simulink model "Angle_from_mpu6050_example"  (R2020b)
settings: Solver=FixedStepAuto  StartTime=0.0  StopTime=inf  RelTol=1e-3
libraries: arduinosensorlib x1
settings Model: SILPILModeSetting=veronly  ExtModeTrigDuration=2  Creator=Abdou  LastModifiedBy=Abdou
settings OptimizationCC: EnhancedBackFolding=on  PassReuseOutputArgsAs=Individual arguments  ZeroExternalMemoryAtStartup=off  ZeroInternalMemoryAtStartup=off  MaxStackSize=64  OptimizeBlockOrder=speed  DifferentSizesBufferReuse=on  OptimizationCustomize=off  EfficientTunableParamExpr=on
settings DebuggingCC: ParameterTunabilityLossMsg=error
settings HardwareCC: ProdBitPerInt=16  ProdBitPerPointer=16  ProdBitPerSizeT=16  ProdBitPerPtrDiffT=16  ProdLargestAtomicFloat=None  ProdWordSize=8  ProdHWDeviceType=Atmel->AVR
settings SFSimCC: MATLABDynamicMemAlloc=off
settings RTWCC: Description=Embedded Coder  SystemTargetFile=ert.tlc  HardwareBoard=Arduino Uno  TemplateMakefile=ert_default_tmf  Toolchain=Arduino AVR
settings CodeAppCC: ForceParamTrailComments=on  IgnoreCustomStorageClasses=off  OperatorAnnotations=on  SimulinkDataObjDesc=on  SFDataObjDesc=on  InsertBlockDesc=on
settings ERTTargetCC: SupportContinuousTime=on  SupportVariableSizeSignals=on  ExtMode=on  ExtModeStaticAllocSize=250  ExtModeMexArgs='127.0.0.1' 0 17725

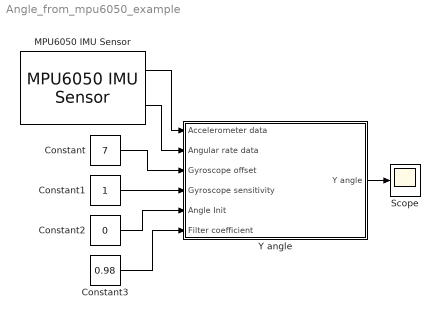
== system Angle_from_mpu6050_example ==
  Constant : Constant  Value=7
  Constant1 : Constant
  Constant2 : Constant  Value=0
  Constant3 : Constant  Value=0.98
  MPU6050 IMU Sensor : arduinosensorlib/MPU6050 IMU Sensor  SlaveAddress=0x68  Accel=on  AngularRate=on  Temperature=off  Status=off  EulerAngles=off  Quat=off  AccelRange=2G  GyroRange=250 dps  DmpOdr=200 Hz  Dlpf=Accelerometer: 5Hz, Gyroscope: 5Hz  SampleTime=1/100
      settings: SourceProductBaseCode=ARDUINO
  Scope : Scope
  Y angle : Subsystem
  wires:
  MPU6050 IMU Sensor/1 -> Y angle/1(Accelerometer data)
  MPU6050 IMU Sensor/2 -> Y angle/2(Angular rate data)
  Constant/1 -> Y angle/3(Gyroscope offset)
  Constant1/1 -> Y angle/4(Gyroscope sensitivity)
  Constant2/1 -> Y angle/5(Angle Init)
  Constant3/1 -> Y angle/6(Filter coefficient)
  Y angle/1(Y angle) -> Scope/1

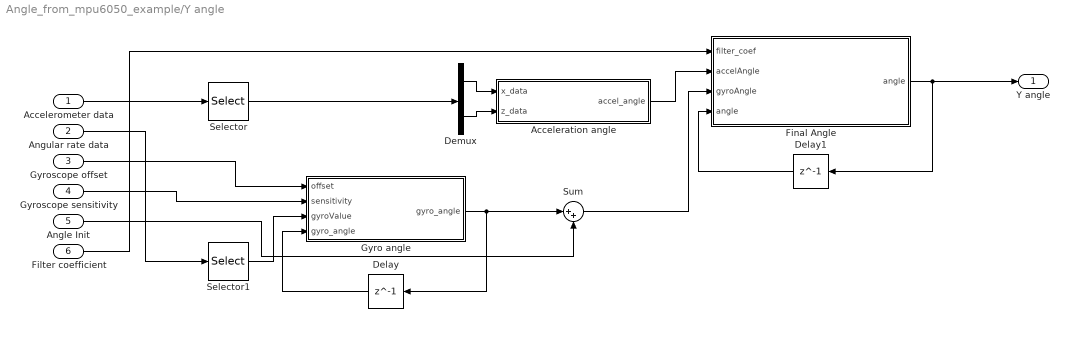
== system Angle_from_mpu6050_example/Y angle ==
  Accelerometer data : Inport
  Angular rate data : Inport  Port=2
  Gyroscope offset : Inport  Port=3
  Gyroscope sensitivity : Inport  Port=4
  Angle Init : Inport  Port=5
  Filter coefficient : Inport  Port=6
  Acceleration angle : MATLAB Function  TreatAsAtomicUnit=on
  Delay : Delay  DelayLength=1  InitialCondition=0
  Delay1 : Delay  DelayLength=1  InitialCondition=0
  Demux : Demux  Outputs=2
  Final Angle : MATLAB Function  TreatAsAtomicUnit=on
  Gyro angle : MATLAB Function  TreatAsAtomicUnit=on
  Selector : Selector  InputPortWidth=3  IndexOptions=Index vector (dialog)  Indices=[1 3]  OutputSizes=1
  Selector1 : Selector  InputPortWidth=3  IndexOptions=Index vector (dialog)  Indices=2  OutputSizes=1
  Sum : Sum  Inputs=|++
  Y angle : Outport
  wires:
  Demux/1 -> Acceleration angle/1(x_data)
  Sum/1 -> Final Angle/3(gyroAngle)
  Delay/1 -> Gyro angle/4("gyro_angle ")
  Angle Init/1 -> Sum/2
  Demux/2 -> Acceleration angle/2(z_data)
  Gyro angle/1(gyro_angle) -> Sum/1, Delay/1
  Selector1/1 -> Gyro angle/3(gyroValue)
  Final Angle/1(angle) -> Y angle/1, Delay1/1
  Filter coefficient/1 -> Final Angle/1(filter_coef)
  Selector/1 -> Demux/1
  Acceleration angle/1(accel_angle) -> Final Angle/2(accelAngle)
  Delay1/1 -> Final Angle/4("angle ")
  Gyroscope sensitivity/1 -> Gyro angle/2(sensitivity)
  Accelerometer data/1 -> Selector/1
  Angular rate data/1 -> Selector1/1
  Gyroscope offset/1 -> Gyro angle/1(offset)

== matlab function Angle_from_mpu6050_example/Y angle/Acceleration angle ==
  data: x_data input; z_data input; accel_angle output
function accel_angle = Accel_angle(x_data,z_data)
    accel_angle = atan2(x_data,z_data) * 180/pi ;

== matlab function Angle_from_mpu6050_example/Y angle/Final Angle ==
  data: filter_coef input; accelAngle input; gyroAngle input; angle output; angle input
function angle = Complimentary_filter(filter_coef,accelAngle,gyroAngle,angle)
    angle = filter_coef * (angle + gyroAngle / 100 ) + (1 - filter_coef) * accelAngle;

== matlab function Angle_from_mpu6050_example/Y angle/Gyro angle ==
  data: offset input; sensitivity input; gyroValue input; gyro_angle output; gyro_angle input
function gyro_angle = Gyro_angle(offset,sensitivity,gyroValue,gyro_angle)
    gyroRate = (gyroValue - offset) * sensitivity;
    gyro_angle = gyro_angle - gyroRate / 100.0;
* * * * * * * * *
__Task instructions__: Among the lines of the data, identify those with the word "gyroAngle". Copy each of them.

__Answer to this task__:
  Sum/1 -> Final Angle/3(gyroAngle)
  data: filter_coef input; accelAngle input; gyroAngle input; angle output; angle input
function angle = Complimentary_filter(filter_coef,accelAngle,gyroAngle,angle)
    angle = filter_coef * (angle + gyroAngle / 100 ) + (1 - filter_coef) * accelAngle;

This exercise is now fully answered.